In a January blog post, Cummings called for changes in the way government works, claiming that the civil service didn’t have enough expertise in some fields. He infamously said “weirdos and misfits with odd skills” could help the government develop better policies.

In that post, Cummings said he wanted to make himself “largely redundant” within the next year.

In his Thursday interview with the BBC, Cummings said rumors that he had threatened to resign this week were untrue, but that “his position hasn’t changed since my January blog.”

Transport Secretary Grant Shapps downplayed Cummings’ departure, saying he has achieved many of the things he set out to do.

Cummings’ signature policy goal was Brexit — ensuring Britain’s departure from the EU — and that process is scheduled to be completed at the end of this year. More recently, he has taken the lead in rolling out mass testing to help control Britain's COVID-19 outbreak, and that program is now being rolled out.

“It’s always been good to have somebody in the room who sort of shakes things up, asks why, doesn’t take no for an answer,” Shapps said. “And that’s been very much the way Dominic Cummings has been able to bring his talents to No. 10, but he’s ready to move on.”

But Cummings has been criticized for creating an adversarial relationship between the prime minister’s office and those he thought stood in his way, including civil servants, the BBC and backbench lawmakers.

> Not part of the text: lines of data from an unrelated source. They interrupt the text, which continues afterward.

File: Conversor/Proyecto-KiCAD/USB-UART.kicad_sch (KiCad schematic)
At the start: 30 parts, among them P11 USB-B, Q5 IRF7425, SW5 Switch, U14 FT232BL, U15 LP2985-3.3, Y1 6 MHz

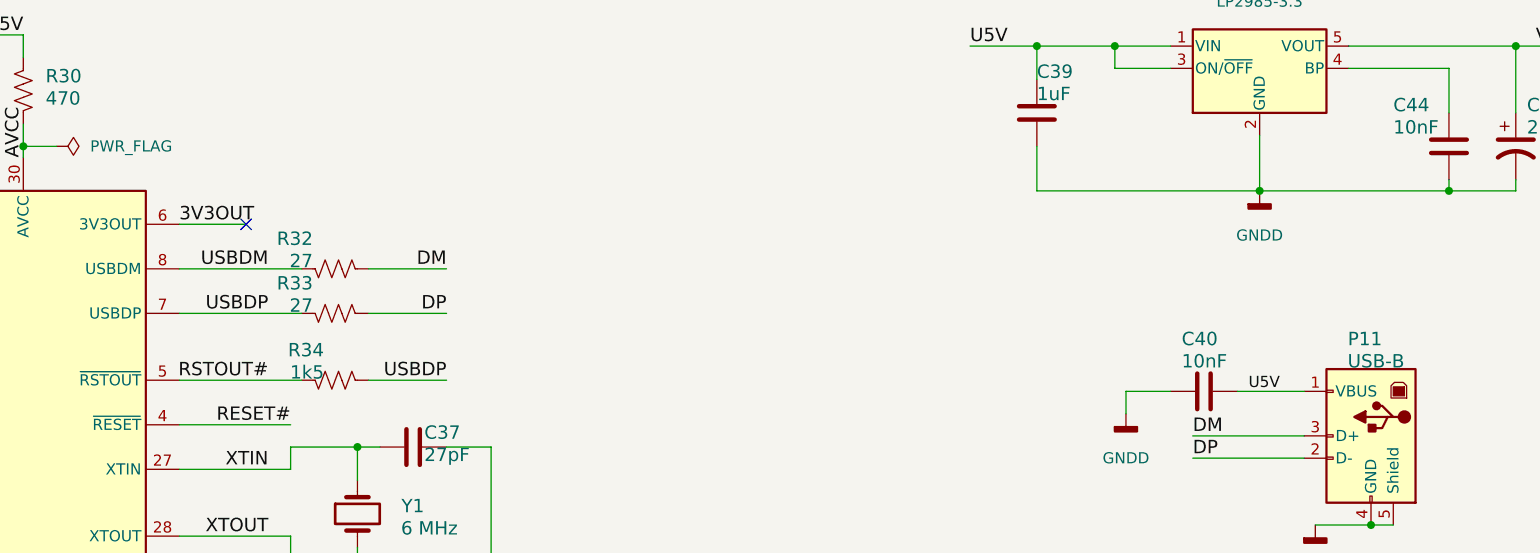
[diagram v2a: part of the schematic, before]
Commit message: Comenzar a asignar footprints a todos los componentes
- Agregado un header para conectar el módulo de tarjeta SD de Arduino
por SPI
- Los GNDs conectados por resistencias nulas son para conectar los GNDs
en caso de que fuera necesario
- Agregar una nota de aplicaión de aislación para I2C (creo que como
estan conectados SDAO y SDAI está bien)
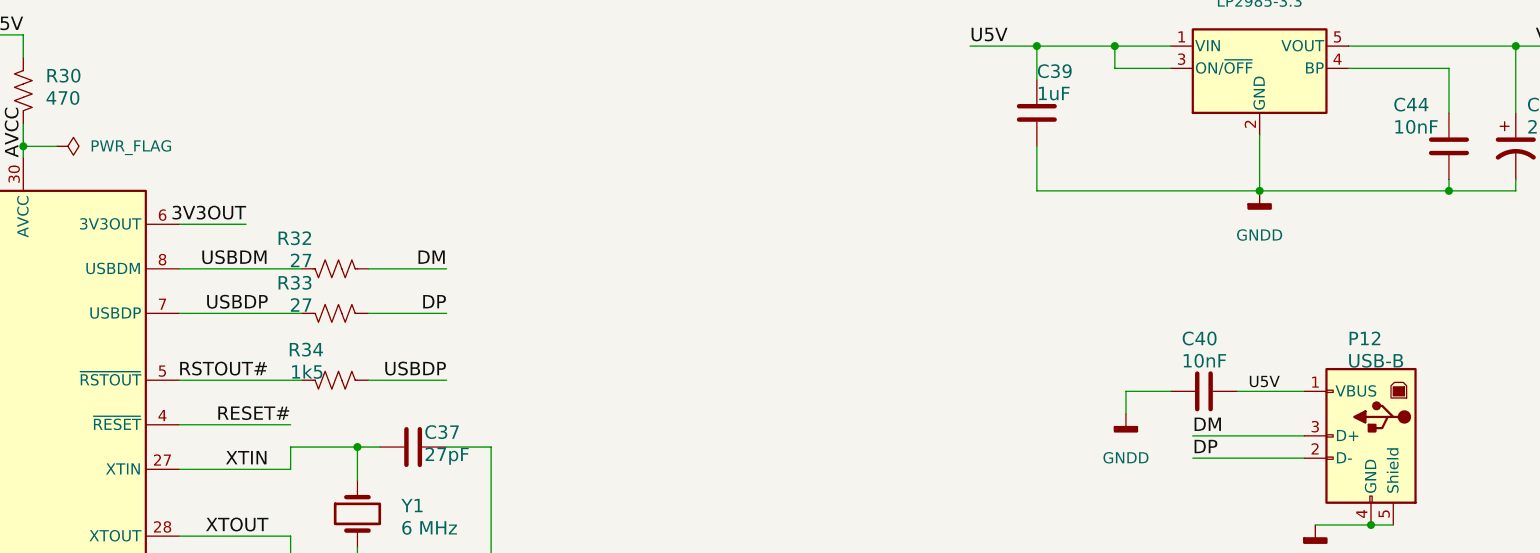
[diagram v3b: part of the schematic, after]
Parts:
- C34, C35, C36, C37, C38, C40, C41, C42, C44, C45, C47: footprint (none) -> Capacitor_SMD:C_1206_3216Metric_Pad1.33x1.80mm_HandSolder
- LED5, LED6: footprint (none) -> Diode_SMD:D_1206_3216Metric_Pad1.42x1.75mm_HandSolder
- P12: renamed from P11; footprint (none) -> Connector_USB:USB_B_Lumberg_2411_02_Horizontal
- R29, R30, R31, R32, R33, R34, R35, R36: footprint (none) -> Resistor_SMD:R_1206_3216Metric_Pad1.30x1.75mm_HandSolder
- Y1: footprint (none) -> Crystal:Crystal_HC18-U_Vertical
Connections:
- no-connect marks 12 -> 11
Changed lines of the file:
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@@
   (no_connect (at 96.52 107.95))
   (no_connect (at 50.8 67.31))
-  (no_connect (at 104.14 62.23))
   (no_connect (at 50.8 72.39))
   (no_connect (at 50.8 69.85))
@@
     (effects (font (size 1.524 1.524)) (justify right bottom))
   )
-  (label "3V3OUT" (at 96.52 62.23 0)
-    (effects (font (size 1.524 1.524)) (justify left bottom))
+  (label "3V3OUT" (at 104.14 62.23 180)
+    (effects (font (size 1.524 1.524)) (justify right bottom))
   )
   (label "U5V" (at 57.15 189.23 90)
@@
       (effects (font (size 1.524 1.524)) (justify right top))
     )
-    (property "Footprint" "" (id 2) (at 127 88.5952 0)
+    (property "Footprint" "Capacitor_SMD:C_1206_3216Metric_Pad1.33x1.80mm_HandSolder" (id 2) (at 127 88.5952 0)
       (effects (font (size 1.27 1.27)) hide)
     )
@@
       (effects (font (size 1.524 1.524)) (justify right top))
     )
-    (property "Footprint" "" (id 2) (at 114.046 66.294 90)
+    (property "Footprint" "Resistor_SMD:R_1206_3216Metric_Pad1.30x1.75mm_HandSolder" (id 2) (at 114.046 66.294 90)
       (effects (font (size 1.27 1.27)) hide)
     )
@@
       (effects (font (size 1.524 1.524)) (justify left bottom))
     )
-    (property "Footprint" "" (id 2) (at 187.96 132.08 0)
+    (property "Footprint" "Diode_SMD:D_1206_3216Metric_Pad1.42x1.75mm_HandSolder" (id 2) (at 187.96 132.08 0)
       (effects (font (size 1.27 1.27)) hide)
     )
@@
       (effects (font (size 1.524 1.524)) (justify left bottom))
     )
-    (property "Footprint" "" (id 2) (at 47.9552 171.45 0)
+    (property "Footprint" "Capacitor_SMD:C_1206_3216Metric_Pad1.33x1.80mm_HandSolder" (id 2) (at 47.9552 171.45 0)
       (effects (font (size 1.27 1.27)) hide)
     )
@@
       (effects (font (size 1.524 1.524)) (justify left bottom))
     )
-    (property "Footprint" "" (id 2) (at 188.976 120.904 90)
+    (property "Footprint" "Resistor_SMD:R_1206_3216Metric_Pad1.30x1.75mm_HandSolder" (id 2) (at 188.976 120.904 90)
       (effects (font (size 1.27 1.27)) hide)
     )
@@
       (effects (font (size 1.524 1.524)) (justify left bottom))
     )
-    (property "Footprint" "" (id 2) (at 204.216 120.904 90)
+    (property "Footprint" "Resistor_SMD:R_1206_3216Metric_Pad1.30x1.75mm_HandSolder" (id 2) (at 204.216 120.904 90)
       (effects (font (size 1.27 1.27)) hide)
     )
@@
   (symbol (lib_id "Connector:USB_B") (at 232.41 86.36 0) (mirror y) (unit 1)
     (in_bom yes) (on_board yes)
-    (property "Reference" "P11" (id 0) (at 233.68 76.2 0)
+    (property "Reference" "P12" (id 0) (at 233.68 76.2 0)
       (effects (font (size 1.524 1.524)) (justify left bottom))
     )
@@
       (effects (font (size 1.524 1.524)) (justify left bottom))
     )
-    (property "Footprint" "" (id 2) (at 228.6 87.63 0)
+    (property "Footprint" "Connector_USB:USB_B_Lumberg_2411_02_Horizontal" (id 2) (at 228.6 87.63 0)
       (effects (font (size 1.27 1.27)) hide)
     )
@@
       (effects (font (size 1.524 1.524)) (justify right top))
     )
-    (property "Footprint" "" (id 2) (at 114.046 78.994 90)
+    (property "Footprint" "Resistor_SMD:R_1206_3216Metric_Pad1.30x1.75mm_HandSolder" (id 2) (at 114.046 78.994 90)
       (effects (font (size 1.27 1.27)) hide)
     )
@@
       (effects (font (size 1.524 1.524)) (justify left bottom))
     )
-    (property "Footprint" "" (id 2) (at 203.2 132.08 0)
+    (property "Footprint" "Diode_SMD:D_1206_3216Metric_Pad1.42x1.75mm_HandSolder" (id 2) (at 203.2 132.08 0)
       (effects (font (size 1.27 1.27)) hide)
     )
@@
       (effects (font (size 1.524 1.524)) (justify left bottom))
     )
-    (property "Footprint" "" (id 2) (at 79.756 46.736 90)
+    (property "Footprint" "Resistor_SMD:R_1206_3216Metric_Pad1.30x1.75mm_HandSolder" (id 2) (at 79.756 46.736 90)
       (effects (font (size 1.27 1.27)) hide)
     )
@@
       (effects (font (size 1.524 1.524)) (justify right top))
     )
-    (property "Footprint" "" (id 2) (at 256.8448 121.92 0)
+    (property "Footprint" "Capacitor_SMD:C_1206_3216Metric_Pad1.33x1.80mm_HandSolder" (id 2) (at 256.8448 121.92 0)
       (effects (font (size 1.27 1.27)) hide)
     )
@@
       (effects (font (size 1.524 1.524)) (justify left bottom))
     )
-    (property "Footprint" "" (id 2) (at 112.014 157.734 90)
+    (property "Footprint" "Resistor_SMD:R_1206_3216Metric_Pad1.30x1.75mm_HandSolder" (id 2) (at 112.014 157.734 90)
       (effects (font (size 1.27 1.27)) hide)
     )
@@
       (effects (font (size 1.524 1.524)) (justify left bottom))
     )
-    (property "Footprint" "" (id 2) (at 116.84 95.25 0)
+    (property "Footprint" "Crystal:Crystal_HC18-U_Vertical" (id 2) (at 116.84 95.25 0)
       (effects (font (size 1.27 1.27)) hide)
     )
@@
       (effects (font (size 1.524 1.524)) (justify left bottom))
     )
-    (property "Footprint" "" (id 2) (at 38.354 172.974 90)
+    (property "Footprint" "Resistor_SMD:R_1206_3216Metric_Pad1.30x1.75mm_HandSolder" (id 2) (at 38.354 172.974 90)
       (effects (font (size 1.27 1.27)) hide)
     )
@@
       (effects (font (size 1.524 1.524)) (justify right top))
     )
-    (property "Footprint" "" (id 2) (at 226.3648 120.65 0)
+    (property "Footprint" "Capacitor_SMD:C_1206_3216Metric_Pad1.33x1.80mm_HandSolder" (id 2) (at 226.3648 120.65 0)
       (effects (font (size 1.27 1.27)) hide)
     )
@@
       (effects (font (size 1.524 1.524)) (justify right top))
     )
-    (property "Footprint" "" (id 2) (at 114.046 71.374 90)
+    (property "Footprint" "Resistor_SMD:R_1206_3216Metric_Pad1.30x1.75mm_HandSolder" (id 2) (at 114.046 71.374 90)
       (effects (font (size 1.27 1.27)) hide)
     )
@@
       (effects (font (size 1.524 1.524)) (justify right top))
     )
-    (property "Footprint" "" (id 2) (at 216.2048 120.65 0)
+    (property "Footprint" "Capacitor_SMD:C_1206_3216Metric_Pad1.33x1.80mm_HandSolder" (id 2) (at 216.2048 120.65 0)
       (effects (font (size 1.27 1.27)) hide)
     )
@@
       (effects (font (size 1.524 1.524)) (justify left bottom))
     )
-    (property "Footprint" "" (id 2) (at 242.2652 57.15 0)
+    (property "Footprint" "Capacitor_SMD:C_1206_3216Metric_Pad1.33x1.80mm_HandSolder" (id 2) (at 242.2652 57.15 0)
       (effects (font (size 1.27 1.27)) hide)
     )
@@
       (effects (font (size 1.524 1.524)) (justify right top))
     )
-    (property "Footprint" "" (id 2) (at 127 103.8352 0)
+    (property "Footprint" "Capacitor_SMD:C_1206_3216Metric_Pad1.33x1.80mm_HandSolder" (id 2) (at 127 103.8352 0)
       (effects (font (size 1.27 1.27)) hide)
     )
@@
       (effects (font (size 1.524 1.524)) (justify left bottom))
     )
-    (property "Footprint" "" (id 2) (at 105.1052 173.99 0)
+    (property "Footprint" "Capacitor_SMD:C_1206_3216Metric_Pad1.33x1.80mm_HandSolder" (id 2) (at 105.1052 173.99 0)
       (effects (font (size 1.27 1.27)) hide)
     )
@@
       (effects (font (size 1.524 1.524)) (justify left bottom))
     )
-    (property "Footprint" "" (id 2) (at 65.7352 162.56 0)
+    (property "Footprint" "Capacitor_SMD:C_1206_3216Metric_Pad1.33x1.80mm_HandSolder" (id 2) (at 65.7352 162.56 0)
       (effects (font (size 1.27 1.27)) hide)
     )
@@
       (effects (font (size 1.524 1.524)) (justify right top))
     )
-    (property "Footprint" "" (id 2) (at 246.6848 121.92 0)
+    (property "Footprint" "Capacitor_SMD:C_1206_3216Metric_Pad1.33x1.80mm_HandSolder" (id 2) (at 246.6848 121.92 0)
       (effects (font (size 1.27 1.27)) hide)
     )
@@
       (effects (font (size 1.524 1.524)) (justify right top))
     )
-    (property "Footprint" "" (id 2) (at 217.17 80.3148 0)
-      (effects (font (size 1.27 1.27)) hide)
-    )
+    (property "Footprint" "Capacitor_SMD:C_1206_3216Metric_Pad1.33x1.80mm_HandSolder" (id 2) (at 217.17 80.3148 0)
+      (effects (font (size 1.27 1.27)) hide)
+    )

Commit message: Comenzar el layout de componentes de la PCB
- Todos los componentes con footprints asignados (preliminar)
- Organizados los componentes de la placa adaptadora en el esquema del
PCB (usando como guia aproximada la placa adaptadora)
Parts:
- C39: footprint (none) -> Capacitor_SMD:C_1206_3216Metric_Pad1.33x1.80mm_HandSolder
- C43, C46: footprint (none) -> Capacitor_THT:CP_Radial_D6.3mm_P2.50mm
- SW5: footprint (none) -> Button_Switch_THT:SW_PUSH_6mm
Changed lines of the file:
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@@
       (effects (font (size 1.524 1.524)) (justify left bottom))
     )
-    (property "Footprint" "" (id 2) (at 195.2752 53.34 0)
+    (property "Footprint" "Capacitor_SMD:C_1206_3216Metric_Pad1.33x1.80mm_HandSolder" (id 2) (at 195.2752 53.34 0)
       (effects (font (size 1.27 1.27)) hide)
     )
@@
       (effects (font (size 1.524 1.524)) (justify left bottom))
     )
-    (property "Footprint" "" (id 2) (at 237.49 124.46 0)
+    (property "Footprint" "Capacitor_THT:CP_Radial_D6.3mm_P2.50mm" (id 2) (at 237.49 124.46 0)
       (effects (font (size 1.27 1.27)) hide)
     )
@@
       (effects (font (size 1.524 1.524)) (justify left bottom))
     )
-    (property "Footprint" "" (id 2) (at 248.92 53.34 0)
+    (property "Footprint" "Capacitor_THT:CP_Radial_D6.3mm_P2.50mm" (id 2) (at 248.92 53.34 0)
       (effects (font (size 1.27 1.27)) hide)
     )
@@
       (effects (font (size 1.524 1.524)) (justify right top))
     )
-    (property "Footprint" "" (id 2) (at 88.9 170.18 0)
-      (effects (font (size 1.27 1.27)) hide)
-    )
+    (property "Footprint" "Button_Switch_THT:SW_PUSH_6mm" (id 2) (at 88.9 170.18 0)
+      (effects (font (size 1.27 1.27)) hide)
+    )

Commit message: Reempezar el ordenado de componentes del PCB
- Intentar copiar mas a la placa adaptadora en la parte del DSP (digital)
  - Algunas cosas (como los headers y la parte de USB) se movieron para hacer entrar mejor las cosas
- Layout bastante completo
- Agregados algunos modelos 3D faltantes
Por hacer:
  - Mover y reorganizar la parte del LM5056, porque tiene una pata que va al secundario, y ahora esta muy lejos del area de GND2
  - Ver como reorganizar un poco para que no queden esquinas vacias
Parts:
- C43: footprint Capacitor_THT:CP_Radial_D6.3mm_P2.50mm -> Capacitor_THT:CP_Radial_D4.0mm_P1.50mm
- C46: footprint Capacitor_THT:CP_Radial_D6.3mm_P2.50mm -> Capacitor_THT:CP_Radial_D4.0mm_P2.00mm
- U14: footprint Package_QFP:LQFP-48_7x7mm_P0.5mm -> Package_DFN_QFN:QFN-32-1EP_7x7mm_P0.65mm_EP5.4x5.4mm
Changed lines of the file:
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@@
       (effects (font (size 1.27 1.27)) (justify left))
     )
-    (property "Footprint" "Package_QFP:LQFP-48_7x7mm_P0.5mm" (id 2) (at 99.06 118.11 0)
+    (property "Footprint" "Package_DFN_QFN:QFN-32-1EP_7x7mm_P0.65mm_EP5.4x5.4mm" (id 2) (at 99.06 118.11 0)
       (effects (font (size 1.27 1.27)) hide)
     )
@@
       (effects (font (size 1.524 1.524)) (justify left bottom))
     )
-    (property "Footprint" "Capacitor_THT:CP_Radial_D6.3mm_P2.50mm" (id 2) (at 237.49 124.46 0)
+    (property "Footprint" "Capacitor_THT:CP_Radial_D4.0mm_P1.50mm" (id 2) (at 237.49 124.46 0)
       (effects (font (size 1.27 1.27)) hide)
     )
@@
       (effects (font (size 1.524 1.524)) (justify left bottom))
     )
-    (property "Footprint" "Capacitor_THT:CP_Radial_D6.3mm_P2.50mm" (id 2) (at 248.92 53.34 0)
+    (property "Footprint" "Capacitor_THT:CP_Radial_D4.0mm_P2.00mm" (id 2) (at 248.92 53.34 0)
       (effects (font (size 1.27 1.27)) hide)
     )

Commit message: Terminar la parte digital de la PCB (incluidas las pistas)
- Hay que ver si la clearance de 0.254mm para el plano de GNDD esta bien
- Cambiar la footprint del FTDI por la version correcta
- Borrar R37, R38 y R39 (usadas para corregir errores del ERC)
Por hacer:
  - Terminar las otras dos partes de la placa
  - Consultar si esta bien lo que hice hasta ahora
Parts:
- U14: footprint Package_DFN_QFN:QFN-32-1EP_7x7mm_P0.65mm_EP5.4x5.4mm -> Package_QFP:LQFP-32_7x7mm_P0.8mm
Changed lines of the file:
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@@
       (effects (font (size 1.27 1.27)) (justify left))
     )
-    (property "Footprint" "Package_DFN_QFN:QFN-32-1EP_7x7mm_P0.65mm_EP5.4x5.4mm" (id 2) (at 99.06 118.11 0)
+    (property "Footprint" "Package_QFP:LQFP-32_7x7mm_P0.8mm" (id 2) (at 99.06 118.11 0)
       (effects (font (size 1.27 1.27)) hide)
     )

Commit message: Continuar el emprolijado de la PCB
- Agregar modelos faltantes y reemplazar incorrectos
- Agregar los constraints de MayerPCB
  - Corregir los errores y warnings de DRC no relacionados con Silkscreen Overlap
Por hacer:
  - Lo mismo del anterior commit
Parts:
- Y1: footprint Crystal:Crystal_HC18-U_Vertical -> Crystal:Resonator-2Pin_W10.0mm_H5.0mm
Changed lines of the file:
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@@
       (effects (font (size 1.524 1.524)) (justify left bottom))
     )
-    (property "Footprint" "Crystal:Crystal_HC18-U_Vertical" (id 2) (at 116.84 95.25 0)
+    (property "Footprint" "Crystal:Resonator-2Pin_W10.0mm_H5.0mm" (id 2) (at 116.84 95.25 0)
       (effects (font (size 1.27 1.27)) hide)
     )

Johnson, with Cummings’ support, has structured his premiership as an insurgency with one overriding goal: to take Britain out of the EU, deal or no deal.

But from the start, some argued that Cummings’ adversarial style was unsuited to the day-to-day operations of government. He defied convention by showing up for work in baggy sweaters and blue jeans, and alienated much of the political establishment by ignoring the advice of civil servants and senior Conservative Party lawmakers.

Those constant confrontations proved to be his undoing. The end came after reports that Cummings’ Vote Leave ally Lee Cain would be named Downing Street chief of staff. The appointment would have cemented the Cummings faction’s role as chief advisers to the U.K.'s highest officeholder.

But the move backfired, reportedly because Johnson’s fiancée, Carrie Symonds, a former Conservative Party director of communications, intervened, raising concerns about the appointment from the party’s rank and file. Johnson decided not to promote Cain, putting Cummings in jeopardy.

Jenkin said there has also been a breakdown in Johnson's government, with Johnson appointing inexperienced Cabinet ministers then dictating policies to them, rather than having ministers take responsibility for their departments.

Cummings’ departure is an opportunity to reshuffle the government and bring in more experienced ministers, Jenkin said.

“If you don’t have the corporate memory, well then history repeats itself and people make the same mistakes, or certainly mistakes that can be avoided,” Jenkin said.